Though they could have killed you for that back on the beach, all the better to warn any other beggarly travellers against pilfering and treachery. You're to be put in a cell. If the warlord's swordsmen hold you, could you draw one of them into conversation, find some clue as to how this domain defeated magic, without bringing suspicion on yourself ? At the very least you might learn some truth of events in the south, brought by message bird or courier, uncorrupted by passing through countless mouths.

Frail hope raised Kheda's blind head when he felt the grating of shingle beneath the trireme's hull.

'Over the side with him.' The shipmaster sounded bored.

'What, like this?' Hands grabbed his feet and arms, swinging him back and then out, as if to toss him bodily into the sea. Kheda's instinctive, futile struggles prompted laughter all around until the frantic heartbeat drumming in his ears drowned it out.

'Let's have him.' Even when they'd had their fun with him, Kheda's fear was slow to fade. He was passed from hand to hand like a bale of cloth, fleeting moments ;tween one grip and the next when all he could feel was the empty air between himself and the sea below.

'Get those chains off,' someone ordered with cheerful confidence. 'We're not carrying him.'

Hauled upright, Kheda reeled, dizzy. As the shackles around his feet fell away, he stumbled to steady himself.

'Walk forward.' the confident voice commanded, a directing hand firm on his shoulder.

Very well, since you insist. So far, so good.

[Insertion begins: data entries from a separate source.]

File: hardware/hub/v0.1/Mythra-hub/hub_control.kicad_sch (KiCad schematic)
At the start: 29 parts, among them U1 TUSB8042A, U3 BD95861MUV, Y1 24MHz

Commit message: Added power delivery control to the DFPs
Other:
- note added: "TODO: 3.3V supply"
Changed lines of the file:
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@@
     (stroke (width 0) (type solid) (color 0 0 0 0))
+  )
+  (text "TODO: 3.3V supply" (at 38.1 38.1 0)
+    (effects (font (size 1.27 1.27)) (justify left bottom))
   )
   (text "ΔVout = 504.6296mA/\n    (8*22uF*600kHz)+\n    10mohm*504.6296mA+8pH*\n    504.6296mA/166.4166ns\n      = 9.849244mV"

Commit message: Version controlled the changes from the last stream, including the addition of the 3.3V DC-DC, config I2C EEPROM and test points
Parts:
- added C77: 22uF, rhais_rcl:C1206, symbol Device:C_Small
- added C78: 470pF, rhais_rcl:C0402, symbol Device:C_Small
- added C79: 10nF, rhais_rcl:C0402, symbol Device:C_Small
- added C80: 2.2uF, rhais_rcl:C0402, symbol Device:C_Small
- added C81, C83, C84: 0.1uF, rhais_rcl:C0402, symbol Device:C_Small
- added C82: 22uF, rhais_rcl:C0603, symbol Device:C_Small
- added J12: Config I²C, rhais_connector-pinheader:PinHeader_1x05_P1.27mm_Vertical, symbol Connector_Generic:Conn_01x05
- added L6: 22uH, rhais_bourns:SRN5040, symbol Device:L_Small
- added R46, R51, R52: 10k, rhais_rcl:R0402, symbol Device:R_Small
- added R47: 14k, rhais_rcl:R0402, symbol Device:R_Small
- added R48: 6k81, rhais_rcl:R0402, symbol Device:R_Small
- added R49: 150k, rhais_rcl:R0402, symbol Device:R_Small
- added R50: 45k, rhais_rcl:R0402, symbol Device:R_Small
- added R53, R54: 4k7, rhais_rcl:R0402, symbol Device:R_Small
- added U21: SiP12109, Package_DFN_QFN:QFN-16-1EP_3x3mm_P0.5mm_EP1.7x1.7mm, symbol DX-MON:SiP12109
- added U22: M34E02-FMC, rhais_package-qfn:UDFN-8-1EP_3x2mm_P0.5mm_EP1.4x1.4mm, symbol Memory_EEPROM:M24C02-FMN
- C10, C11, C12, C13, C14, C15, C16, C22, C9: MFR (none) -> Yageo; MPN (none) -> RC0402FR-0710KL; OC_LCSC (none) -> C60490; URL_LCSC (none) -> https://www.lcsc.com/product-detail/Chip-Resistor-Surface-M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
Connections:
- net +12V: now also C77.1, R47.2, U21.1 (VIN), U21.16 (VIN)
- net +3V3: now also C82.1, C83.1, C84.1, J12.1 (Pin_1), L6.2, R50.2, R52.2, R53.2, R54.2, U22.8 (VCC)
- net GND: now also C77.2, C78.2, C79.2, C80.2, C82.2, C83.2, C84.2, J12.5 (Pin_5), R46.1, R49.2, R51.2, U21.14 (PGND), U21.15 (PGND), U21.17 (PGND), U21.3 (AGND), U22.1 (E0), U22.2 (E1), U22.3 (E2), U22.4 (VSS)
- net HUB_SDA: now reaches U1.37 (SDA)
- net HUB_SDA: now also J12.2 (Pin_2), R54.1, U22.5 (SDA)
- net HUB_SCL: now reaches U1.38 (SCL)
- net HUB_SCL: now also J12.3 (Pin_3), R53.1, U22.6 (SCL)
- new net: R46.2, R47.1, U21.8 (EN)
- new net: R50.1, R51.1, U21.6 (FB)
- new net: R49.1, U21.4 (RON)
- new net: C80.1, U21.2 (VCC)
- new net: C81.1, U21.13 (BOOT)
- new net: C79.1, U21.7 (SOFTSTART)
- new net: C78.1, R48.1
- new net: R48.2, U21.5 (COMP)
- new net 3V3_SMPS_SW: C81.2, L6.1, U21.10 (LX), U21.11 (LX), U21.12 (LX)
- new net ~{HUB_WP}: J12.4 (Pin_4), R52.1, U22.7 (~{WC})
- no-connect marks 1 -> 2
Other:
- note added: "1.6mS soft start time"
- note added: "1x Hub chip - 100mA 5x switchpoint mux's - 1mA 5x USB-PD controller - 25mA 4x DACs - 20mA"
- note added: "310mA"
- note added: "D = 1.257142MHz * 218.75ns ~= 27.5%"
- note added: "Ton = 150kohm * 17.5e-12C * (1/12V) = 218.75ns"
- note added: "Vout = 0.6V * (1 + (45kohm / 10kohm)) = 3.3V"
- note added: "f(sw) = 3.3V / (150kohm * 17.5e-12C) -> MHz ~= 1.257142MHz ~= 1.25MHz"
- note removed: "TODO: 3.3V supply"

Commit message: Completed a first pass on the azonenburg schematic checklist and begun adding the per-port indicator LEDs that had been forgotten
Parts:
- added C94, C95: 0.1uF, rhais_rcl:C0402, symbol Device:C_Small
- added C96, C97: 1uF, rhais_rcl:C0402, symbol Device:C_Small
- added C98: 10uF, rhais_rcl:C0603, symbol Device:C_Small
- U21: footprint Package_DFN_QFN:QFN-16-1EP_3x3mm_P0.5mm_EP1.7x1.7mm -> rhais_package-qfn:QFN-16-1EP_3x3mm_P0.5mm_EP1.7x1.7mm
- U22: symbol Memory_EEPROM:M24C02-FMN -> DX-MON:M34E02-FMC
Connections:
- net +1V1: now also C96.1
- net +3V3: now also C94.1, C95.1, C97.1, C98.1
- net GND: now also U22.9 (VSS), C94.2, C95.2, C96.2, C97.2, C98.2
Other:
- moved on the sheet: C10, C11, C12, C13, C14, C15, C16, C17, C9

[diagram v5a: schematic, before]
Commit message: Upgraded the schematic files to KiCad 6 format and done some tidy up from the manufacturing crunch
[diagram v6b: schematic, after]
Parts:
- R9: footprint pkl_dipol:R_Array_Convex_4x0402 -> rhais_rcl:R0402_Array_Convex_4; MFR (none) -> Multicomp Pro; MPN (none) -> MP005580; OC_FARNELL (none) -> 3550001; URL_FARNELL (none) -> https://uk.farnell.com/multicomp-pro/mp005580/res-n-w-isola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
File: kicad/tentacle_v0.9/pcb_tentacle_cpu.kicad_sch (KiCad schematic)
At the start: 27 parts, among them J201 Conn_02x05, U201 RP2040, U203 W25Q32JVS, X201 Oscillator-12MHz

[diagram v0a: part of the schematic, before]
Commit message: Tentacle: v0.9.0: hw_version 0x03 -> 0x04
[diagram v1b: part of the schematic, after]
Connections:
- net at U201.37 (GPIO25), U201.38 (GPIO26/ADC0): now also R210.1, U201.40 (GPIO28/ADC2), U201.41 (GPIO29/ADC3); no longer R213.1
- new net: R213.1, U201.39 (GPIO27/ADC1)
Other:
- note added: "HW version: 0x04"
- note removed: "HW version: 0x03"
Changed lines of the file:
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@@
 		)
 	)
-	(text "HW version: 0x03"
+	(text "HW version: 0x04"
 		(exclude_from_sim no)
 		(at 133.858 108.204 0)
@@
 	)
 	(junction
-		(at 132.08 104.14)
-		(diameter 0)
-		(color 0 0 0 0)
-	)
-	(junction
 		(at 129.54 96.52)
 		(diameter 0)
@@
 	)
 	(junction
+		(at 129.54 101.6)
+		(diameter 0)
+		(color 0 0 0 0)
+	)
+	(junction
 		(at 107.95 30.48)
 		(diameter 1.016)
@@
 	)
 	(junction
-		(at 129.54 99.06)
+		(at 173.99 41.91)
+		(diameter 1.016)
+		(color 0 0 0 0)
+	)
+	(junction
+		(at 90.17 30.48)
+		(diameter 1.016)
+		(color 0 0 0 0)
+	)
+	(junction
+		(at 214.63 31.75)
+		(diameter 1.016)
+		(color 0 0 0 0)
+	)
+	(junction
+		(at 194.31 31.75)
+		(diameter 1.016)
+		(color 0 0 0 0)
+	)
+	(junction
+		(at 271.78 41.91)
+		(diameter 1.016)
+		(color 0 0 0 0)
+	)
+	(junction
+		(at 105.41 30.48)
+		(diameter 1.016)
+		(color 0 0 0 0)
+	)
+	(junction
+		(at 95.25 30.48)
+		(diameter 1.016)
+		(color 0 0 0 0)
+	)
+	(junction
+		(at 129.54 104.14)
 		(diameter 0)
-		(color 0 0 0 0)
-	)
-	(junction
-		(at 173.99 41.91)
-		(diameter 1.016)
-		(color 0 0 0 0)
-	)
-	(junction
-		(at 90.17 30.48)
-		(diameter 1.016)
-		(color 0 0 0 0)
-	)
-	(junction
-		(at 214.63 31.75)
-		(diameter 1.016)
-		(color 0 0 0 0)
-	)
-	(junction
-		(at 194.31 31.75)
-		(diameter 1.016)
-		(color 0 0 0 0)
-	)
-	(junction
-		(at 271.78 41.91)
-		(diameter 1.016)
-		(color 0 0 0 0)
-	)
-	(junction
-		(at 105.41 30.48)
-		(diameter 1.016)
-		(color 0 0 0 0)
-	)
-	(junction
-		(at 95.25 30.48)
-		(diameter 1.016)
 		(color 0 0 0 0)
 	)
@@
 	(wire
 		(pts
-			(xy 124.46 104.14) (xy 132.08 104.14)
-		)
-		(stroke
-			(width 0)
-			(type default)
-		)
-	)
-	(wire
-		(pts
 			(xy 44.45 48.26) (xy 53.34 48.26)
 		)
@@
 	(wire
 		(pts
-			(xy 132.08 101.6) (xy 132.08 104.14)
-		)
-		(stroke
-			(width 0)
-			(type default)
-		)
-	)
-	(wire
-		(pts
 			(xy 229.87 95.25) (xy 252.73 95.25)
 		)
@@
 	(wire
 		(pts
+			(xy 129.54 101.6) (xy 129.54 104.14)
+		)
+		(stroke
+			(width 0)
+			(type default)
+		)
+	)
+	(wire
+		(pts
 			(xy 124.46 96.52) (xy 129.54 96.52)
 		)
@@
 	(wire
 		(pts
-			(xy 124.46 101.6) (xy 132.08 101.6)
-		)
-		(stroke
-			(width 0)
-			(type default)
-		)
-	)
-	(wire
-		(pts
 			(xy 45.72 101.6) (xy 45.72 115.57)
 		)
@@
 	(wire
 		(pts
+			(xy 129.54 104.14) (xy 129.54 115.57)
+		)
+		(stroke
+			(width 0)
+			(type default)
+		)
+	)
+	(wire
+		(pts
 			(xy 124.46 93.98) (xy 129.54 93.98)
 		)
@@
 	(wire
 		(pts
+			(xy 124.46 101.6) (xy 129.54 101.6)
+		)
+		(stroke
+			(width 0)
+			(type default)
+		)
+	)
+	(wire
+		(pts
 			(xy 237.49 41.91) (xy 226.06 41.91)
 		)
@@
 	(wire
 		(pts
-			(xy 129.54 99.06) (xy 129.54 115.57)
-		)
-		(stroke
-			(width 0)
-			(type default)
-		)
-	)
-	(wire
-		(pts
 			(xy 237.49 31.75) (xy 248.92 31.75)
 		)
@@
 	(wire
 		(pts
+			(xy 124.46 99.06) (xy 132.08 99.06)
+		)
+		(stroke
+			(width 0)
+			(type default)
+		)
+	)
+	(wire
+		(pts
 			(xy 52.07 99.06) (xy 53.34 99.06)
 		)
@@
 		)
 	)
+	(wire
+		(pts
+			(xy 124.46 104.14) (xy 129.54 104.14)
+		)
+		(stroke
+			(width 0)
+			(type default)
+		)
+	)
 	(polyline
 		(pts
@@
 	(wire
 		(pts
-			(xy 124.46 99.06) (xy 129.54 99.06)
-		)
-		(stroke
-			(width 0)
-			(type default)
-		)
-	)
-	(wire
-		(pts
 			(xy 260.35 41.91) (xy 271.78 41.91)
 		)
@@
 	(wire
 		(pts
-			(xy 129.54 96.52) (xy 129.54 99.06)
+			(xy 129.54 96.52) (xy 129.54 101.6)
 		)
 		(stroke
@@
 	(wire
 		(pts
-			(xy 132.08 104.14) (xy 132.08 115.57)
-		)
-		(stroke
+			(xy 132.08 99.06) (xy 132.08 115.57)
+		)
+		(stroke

They haven't killed you out of hand.

Kheda felt for the ground with hesitant toes, as slowly as he could without prompting retribution. The shingly sand of the beach soon gave way to the hard damp earth of a well-worn path and Kheda felt the land rising under his feet.

Are they taking you to Shek Kul's compound?

'This way' The hand turned him abruptly. The screech of a pebble caught beneath a door and grating on a stone threshold send an involuntary shiver down Kheda's spine. Then the heavy slam of the gate behind him crushed hope like a flower beneath a heedless foot. Inside the hollow square of the fortress on the beach, big stones had been brought up from the shore to cobble the ground and Kheda stumbled, stubbing his toe and ripping the edge of a nail. He bit down on the cloth inside his mouth, against this pain and worse, his bitter disappointment.